_Goal of the exercise:_ Search the material for the word "ezdxf" and report each line where it turns up.

_Task data:_

==========

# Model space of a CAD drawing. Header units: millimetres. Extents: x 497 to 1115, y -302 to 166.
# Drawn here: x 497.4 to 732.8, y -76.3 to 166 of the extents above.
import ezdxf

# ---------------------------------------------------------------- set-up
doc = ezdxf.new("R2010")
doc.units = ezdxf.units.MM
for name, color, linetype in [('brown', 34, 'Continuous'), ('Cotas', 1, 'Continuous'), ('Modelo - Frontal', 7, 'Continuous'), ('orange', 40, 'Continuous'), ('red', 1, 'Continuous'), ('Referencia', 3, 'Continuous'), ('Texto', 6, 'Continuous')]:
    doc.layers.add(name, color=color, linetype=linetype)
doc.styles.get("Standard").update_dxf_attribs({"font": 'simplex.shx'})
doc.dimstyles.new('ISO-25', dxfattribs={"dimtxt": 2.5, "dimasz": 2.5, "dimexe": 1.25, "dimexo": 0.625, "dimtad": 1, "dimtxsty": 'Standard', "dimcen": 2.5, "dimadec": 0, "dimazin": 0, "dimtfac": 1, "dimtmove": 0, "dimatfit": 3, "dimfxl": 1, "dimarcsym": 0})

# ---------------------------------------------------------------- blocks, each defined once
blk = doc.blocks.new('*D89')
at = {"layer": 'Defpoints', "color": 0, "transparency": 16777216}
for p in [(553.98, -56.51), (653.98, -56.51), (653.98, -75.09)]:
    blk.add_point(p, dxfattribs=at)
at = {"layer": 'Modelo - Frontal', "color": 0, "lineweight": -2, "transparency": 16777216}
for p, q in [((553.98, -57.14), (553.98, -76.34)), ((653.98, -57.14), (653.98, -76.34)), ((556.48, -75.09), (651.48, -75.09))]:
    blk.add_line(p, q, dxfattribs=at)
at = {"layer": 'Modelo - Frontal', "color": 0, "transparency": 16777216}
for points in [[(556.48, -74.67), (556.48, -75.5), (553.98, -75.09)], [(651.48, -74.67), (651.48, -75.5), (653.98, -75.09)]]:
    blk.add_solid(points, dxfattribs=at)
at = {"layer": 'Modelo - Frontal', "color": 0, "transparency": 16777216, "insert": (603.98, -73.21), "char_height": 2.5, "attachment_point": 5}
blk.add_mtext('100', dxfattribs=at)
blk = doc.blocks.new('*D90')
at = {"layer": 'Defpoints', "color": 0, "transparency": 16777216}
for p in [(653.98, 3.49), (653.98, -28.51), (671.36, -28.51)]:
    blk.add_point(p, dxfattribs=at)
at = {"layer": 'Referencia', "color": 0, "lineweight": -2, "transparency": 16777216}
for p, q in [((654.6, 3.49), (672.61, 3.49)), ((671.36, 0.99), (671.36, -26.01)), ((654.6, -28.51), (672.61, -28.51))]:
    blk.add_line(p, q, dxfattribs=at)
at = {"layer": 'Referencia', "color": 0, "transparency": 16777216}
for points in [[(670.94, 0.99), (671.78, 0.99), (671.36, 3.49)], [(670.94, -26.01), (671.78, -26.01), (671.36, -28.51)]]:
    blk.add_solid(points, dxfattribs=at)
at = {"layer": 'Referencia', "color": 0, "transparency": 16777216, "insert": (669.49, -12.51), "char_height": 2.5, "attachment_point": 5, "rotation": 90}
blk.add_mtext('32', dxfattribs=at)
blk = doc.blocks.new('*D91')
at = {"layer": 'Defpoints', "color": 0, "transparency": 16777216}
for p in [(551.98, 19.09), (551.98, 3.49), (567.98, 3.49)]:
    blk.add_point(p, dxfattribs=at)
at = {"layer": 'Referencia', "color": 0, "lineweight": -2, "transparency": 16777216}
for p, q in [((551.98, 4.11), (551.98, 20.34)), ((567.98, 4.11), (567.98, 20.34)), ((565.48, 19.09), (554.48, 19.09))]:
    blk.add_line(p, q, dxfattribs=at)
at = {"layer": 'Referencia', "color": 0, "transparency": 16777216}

==========

_Task answer:_
import ezdxf
doc = ezdxf.new("R2010")
doc.units = ezdxf.units.MM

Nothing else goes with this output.